What is being asked
Take the data below and copy exactly the lines starting at the one with "doc.units = ezdxf.units.M" and finishing at the one with "layer by layer", both included.

··· Data for this task ···

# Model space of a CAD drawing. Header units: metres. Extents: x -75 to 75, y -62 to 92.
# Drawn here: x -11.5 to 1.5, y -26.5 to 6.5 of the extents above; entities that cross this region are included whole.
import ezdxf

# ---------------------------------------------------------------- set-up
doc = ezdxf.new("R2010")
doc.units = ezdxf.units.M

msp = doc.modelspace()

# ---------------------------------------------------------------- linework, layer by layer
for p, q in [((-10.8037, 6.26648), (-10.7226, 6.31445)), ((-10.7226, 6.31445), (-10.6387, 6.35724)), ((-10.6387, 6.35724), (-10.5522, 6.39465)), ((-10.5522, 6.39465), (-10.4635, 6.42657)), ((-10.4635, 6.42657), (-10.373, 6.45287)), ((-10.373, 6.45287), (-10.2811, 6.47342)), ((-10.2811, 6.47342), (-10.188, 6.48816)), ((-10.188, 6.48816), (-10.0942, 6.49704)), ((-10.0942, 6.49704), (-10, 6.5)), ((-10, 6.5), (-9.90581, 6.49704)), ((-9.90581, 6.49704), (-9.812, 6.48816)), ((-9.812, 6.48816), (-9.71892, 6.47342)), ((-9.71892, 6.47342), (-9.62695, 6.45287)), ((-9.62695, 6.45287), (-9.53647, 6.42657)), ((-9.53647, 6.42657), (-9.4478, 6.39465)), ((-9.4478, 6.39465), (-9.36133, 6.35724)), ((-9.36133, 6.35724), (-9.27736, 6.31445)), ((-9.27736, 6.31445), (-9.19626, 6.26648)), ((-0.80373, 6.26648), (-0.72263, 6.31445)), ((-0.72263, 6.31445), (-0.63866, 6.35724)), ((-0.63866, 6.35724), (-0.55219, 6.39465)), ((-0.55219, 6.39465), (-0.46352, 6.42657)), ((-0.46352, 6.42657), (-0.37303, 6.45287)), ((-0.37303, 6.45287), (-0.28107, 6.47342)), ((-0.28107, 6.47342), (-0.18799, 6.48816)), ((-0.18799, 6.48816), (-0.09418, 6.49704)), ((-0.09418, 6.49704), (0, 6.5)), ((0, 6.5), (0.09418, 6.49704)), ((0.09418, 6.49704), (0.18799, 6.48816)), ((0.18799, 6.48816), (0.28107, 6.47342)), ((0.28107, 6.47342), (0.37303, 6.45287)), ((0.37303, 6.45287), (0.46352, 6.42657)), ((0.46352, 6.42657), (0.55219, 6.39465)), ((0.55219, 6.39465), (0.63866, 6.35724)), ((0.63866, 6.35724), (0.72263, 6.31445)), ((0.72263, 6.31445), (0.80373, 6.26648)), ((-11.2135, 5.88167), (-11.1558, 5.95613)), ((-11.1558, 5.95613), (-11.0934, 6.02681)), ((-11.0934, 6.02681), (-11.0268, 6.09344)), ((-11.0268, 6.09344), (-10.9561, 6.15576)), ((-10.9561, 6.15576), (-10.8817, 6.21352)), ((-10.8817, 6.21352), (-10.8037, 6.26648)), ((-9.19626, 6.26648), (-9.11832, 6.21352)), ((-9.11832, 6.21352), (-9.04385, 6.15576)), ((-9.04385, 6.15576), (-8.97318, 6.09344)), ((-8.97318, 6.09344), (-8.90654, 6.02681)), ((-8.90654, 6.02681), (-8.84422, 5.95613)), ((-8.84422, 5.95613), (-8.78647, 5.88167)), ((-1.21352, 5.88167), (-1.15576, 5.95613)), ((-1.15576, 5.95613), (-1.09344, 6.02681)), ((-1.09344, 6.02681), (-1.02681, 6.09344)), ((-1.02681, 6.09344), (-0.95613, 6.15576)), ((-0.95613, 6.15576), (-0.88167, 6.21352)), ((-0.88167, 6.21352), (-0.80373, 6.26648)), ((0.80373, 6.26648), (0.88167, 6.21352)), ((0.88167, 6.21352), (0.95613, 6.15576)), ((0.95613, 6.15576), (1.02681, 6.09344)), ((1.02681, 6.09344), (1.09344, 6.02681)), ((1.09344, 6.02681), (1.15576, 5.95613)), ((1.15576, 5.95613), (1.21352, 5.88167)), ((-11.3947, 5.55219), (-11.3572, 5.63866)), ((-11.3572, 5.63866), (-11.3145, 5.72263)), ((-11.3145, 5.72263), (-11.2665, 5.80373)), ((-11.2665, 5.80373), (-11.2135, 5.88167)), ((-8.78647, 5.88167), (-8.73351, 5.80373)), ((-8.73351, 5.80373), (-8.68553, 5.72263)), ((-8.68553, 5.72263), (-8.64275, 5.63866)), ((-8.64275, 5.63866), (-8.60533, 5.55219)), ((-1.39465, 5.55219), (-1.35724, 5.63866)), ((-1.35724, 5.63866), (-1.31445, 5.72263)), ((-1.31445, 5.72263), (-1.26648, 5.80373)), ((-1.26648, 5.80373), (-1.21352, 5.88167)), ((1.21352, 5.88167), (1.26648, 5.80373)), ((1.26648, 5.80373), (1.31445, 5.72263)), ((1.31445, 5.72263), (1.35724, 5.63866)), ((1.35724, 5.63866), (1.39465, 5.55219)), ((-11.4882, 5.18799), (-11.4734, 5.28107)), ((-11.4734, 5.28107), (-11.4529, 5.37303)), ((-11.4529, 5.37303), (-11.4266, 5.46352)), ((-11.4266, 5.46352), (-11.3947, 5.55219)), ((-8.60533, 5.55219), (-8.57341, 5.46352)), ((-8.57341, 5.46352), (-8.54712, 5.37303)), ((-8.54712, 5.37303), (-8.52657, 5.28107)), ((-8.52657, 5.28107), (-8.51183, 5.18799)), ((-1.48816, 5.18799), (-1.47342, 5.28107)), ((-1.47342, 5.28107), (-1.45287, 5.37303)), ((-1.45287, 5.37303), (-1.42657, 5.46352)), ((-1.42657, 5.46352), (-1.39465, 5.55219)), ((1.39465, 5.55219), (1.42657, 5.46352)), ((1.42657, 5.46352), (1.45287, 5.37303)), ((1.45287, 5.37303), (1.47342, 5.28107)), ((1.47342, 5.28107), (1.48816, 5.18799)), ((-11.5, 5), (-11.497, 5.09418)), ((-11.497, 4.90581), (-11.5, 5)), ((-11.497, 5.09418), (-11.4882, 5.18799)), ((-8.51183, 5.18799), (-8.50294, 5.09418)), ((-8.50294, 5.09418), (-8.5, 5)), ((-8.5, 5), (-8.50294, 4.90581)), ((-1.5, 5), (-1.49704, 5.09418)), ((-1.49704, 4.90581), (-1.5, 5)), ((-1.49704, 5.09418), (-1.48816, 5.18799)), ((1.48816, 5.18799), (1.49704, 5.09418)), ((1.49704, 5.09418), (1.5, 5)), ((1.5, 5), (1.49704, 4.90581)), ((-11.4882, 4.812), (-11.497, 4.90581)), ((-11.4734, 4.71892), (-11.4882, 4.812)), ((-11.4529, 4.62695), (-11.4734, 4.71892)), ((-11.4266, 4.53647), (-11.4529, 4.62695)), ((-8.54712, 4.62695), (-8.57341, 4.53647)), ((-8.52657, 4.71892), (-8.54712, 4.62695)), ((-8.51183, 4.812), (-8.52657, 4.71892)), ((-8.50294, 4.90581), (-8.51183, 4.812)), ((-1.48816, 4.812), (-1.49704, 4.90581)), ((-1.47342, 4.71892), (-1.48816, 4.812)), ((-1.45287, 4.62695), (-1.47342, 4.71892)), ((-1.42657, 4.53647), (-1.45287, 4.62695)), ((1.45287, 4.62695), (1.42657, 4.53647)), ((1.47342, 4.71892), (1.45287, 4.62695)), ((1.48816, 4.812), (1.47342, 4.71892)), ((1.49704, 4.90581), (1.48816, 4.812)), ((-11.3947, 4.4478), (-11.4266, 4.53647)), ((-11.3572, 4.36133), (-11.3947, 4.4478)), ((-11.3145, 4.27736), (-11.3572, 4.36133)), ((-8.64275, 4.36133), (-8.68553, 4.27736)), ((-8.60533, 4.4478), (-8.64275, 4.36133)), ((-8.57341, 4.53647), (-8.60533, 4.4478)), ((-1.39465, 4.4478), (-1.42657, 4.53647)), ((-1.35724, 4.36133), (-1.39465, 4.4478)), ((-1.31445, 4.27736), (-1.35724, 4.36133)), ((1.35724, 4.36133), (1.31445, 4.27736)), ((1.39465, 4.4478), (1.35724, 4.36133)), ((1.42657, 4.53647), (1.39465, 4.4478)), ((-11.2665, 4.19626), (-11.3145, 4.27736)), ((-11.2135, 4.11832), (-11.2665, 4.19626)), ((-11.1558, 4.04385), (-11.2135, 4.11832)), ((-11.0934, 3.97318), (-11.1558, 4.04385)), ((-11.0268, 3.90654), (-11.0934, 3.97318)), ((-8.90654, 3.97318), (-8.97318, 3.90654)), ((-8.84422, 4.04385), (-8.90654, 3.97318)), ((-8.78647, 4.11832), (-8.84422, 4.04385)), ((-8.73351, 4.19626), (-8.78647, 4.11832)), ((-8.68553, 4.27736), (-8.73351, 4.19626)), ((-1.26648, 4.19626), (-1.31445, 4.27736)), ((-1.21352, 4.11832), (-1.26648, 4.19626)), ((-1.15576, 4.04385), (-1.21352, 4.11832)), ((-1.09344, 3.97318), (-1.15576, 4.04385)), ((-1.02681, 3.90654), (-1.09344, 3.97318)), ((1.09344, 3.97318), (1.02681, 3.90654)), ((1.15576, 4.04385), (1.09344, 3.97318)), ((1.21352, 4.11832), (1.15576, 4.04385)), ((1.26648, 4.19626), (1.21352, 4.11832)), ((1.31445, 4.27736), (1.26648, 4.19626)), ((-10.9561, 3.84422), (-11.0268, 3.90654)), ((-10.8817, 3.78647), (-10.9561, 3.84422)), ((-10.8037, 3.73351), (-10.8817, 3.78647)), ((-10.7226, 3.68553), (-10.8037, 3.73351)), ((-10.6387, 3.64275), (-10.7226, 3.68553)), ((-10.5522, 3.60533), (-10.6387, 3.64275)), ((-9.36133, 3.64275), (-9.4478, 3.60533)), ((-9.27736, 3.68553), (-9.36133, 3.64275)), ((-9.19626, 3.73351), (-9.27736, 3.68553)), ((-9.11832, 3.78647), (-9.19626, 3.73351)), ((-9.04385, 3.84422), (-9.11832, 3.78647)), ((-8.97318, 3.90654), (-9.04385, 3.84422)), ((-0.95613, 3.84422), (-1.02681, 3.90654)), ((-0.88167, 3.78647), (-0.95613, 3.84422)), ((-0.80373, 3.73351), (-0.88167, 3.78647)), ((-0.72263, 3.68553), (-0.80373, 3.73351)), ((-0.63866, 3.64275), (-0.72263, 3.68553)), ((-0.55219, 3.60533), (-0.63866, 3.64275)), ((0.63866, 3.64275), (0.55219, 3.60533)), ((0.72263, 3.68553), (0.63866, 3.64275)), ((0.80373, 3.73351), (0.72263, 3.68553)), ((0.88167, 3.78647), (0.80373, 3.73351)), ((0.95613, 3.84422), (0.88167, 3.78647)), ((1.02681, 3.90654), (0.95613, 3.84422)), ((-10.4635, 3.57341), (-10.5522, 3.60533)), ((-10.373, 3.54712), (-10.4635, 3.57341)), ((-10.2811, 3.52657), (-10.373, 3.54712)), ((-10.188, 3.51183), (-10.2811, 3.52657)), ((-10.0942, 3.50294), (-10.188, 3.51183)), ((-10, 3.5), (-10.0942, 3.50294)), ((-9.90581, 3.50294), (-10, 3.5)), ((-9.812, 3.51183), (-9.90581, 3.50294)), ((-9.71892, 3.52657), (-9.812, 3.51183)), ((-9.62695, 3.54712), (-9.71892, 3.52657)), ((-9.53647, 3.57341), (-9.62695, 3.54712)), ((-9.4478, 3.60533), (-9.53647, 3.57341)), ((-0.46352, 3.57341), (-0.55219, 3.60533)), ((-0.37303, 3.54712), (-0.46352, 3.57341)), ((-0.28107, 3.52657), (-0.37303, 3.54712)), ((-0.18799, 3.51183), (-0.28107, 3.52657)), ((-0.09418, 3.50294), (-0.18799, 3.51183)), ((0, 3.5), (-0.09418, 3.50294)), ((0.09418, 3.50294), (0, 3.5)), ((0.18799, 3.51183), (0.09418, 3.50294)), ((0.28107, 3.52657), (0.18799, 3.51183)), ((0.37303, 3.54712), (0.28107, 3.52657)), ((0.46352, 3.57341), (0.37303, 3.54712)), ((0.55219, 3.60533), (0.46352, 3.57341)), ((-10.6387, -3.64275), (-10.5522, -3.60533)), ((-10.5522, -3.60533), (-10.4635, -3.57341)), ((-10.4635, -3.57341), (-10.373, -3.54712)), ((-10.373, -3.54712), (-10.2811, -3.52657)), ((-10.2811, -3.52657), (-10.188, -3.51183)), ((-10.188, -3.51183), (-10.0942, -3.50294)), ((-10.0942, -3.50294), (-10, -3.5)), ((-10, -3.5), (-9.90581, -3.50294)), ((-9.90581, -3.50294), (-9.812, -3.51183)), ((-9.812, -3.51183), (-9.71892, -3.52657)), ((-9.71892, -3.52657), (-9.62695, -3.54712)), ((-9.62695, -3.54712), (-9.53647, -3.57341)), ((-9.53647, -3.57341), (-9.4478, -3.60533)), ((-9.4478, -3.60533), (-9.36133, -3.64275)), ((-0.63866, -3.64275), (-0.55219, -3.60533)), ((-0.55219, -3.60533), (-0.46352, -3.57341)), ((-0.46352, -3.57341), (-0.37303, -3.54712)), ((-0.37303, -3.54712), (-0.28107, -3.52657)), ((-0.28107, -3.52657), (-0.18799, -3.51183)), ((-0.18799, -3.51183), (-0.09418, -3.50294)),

···

Solution to the exercise
doc.units = ezdxf.units.M

msp = doc.modelspace()

# ---------------------------------------------------------------- linework, layer by layer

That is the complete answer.